What is needed: Reproduce the closing run of lines below verbatim, from the line that contains "#17614 = DIRECTION" up to and including the final line.

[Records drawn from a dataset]
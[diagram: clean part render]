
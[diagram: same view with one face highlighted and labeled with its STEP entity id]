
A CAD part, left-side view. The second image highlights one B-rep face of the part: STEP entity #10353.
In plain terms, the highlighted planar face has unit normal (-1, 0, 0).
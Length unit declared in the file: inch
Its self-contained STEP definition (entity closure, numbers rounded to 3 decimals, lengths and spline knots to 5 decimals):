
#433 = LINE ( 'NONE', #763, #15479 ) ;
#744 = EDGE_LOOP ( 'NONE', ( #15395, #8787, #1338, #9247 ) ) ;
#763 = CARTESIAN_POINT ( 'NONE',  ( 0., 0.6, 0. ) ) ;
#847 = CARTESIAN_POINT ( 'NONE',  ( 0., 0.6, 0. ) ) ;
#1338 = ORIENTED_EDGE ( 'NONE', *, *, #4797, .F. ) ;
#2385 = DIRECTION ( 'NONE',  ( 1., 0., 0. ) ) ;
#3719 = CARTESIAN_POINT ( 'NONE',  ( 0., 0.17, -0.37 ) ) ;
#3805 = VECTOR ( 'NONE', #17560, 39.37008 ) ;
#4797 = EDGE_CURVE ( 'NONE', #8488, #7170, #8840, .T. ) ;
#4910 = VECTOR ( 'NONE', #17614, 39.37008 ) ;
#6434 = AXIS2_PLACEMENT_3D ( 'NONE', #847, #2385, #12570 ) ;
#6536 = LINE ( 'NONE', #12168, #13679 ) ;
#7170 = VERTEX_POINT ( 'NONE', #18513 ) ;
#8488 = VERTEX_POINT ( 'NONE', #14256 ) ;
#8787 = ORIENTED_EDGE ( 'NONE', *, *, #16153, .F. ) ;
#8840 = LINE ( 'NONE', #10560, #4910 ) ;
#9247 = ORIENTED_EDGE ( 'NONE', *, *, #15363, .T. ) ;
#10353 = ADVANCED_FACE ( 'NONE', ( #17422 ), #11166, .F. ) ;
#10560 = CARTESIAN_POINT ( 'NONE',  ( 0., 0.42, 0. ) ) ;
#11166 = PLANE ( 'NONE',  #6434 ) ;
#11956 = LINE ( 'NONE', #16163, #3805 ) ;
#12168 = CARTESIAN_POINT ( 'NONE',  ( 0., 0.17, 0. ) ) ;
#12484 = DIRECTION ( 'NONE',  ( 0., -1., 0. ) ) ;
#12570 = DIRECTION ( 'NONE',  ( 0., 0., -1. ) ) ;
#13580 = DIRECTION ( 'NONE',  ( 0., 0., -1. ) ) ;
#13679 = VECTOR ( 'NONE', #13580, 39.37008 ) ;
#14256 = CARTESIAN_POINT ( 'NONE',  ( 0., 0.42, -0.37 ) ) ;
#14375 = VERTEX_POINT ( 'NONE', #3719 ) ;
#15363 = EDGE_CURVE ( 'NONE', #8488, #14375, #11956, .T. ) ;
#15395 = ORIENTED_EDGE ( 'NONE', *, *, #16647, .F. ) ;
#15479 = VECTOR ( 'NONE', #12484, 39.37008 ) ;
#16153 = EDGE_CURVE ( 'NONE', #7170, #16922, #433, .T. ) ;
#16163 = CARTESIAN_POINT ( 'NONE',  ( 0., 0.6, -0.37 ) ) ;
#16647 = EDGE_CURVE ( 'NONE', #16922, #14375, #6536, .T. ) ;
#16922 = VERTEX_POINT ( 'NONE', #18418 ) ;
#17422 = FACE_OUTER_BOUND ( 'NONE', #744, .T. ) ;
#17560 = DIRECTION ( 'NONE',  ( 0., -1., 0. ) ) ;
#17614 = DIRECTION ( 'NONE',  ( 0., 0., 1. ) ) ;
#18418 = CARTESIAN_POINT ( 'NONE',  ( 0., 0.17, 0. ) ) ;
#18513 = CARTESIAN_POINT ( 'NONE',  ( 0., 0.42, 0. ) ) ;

Response for this exercise:
#17614 = DIRECTION ( 'NONE',  ( 0., 0., 1. ) ) ;
#18418 = CARTESIAN_POINT ( 'NONE',  ( 0., 0.17, 0. ) ) ;
#18513 = CARTESIAN_POINT ( 'NONE',  ( 0., 0.42, 0. ) ) ;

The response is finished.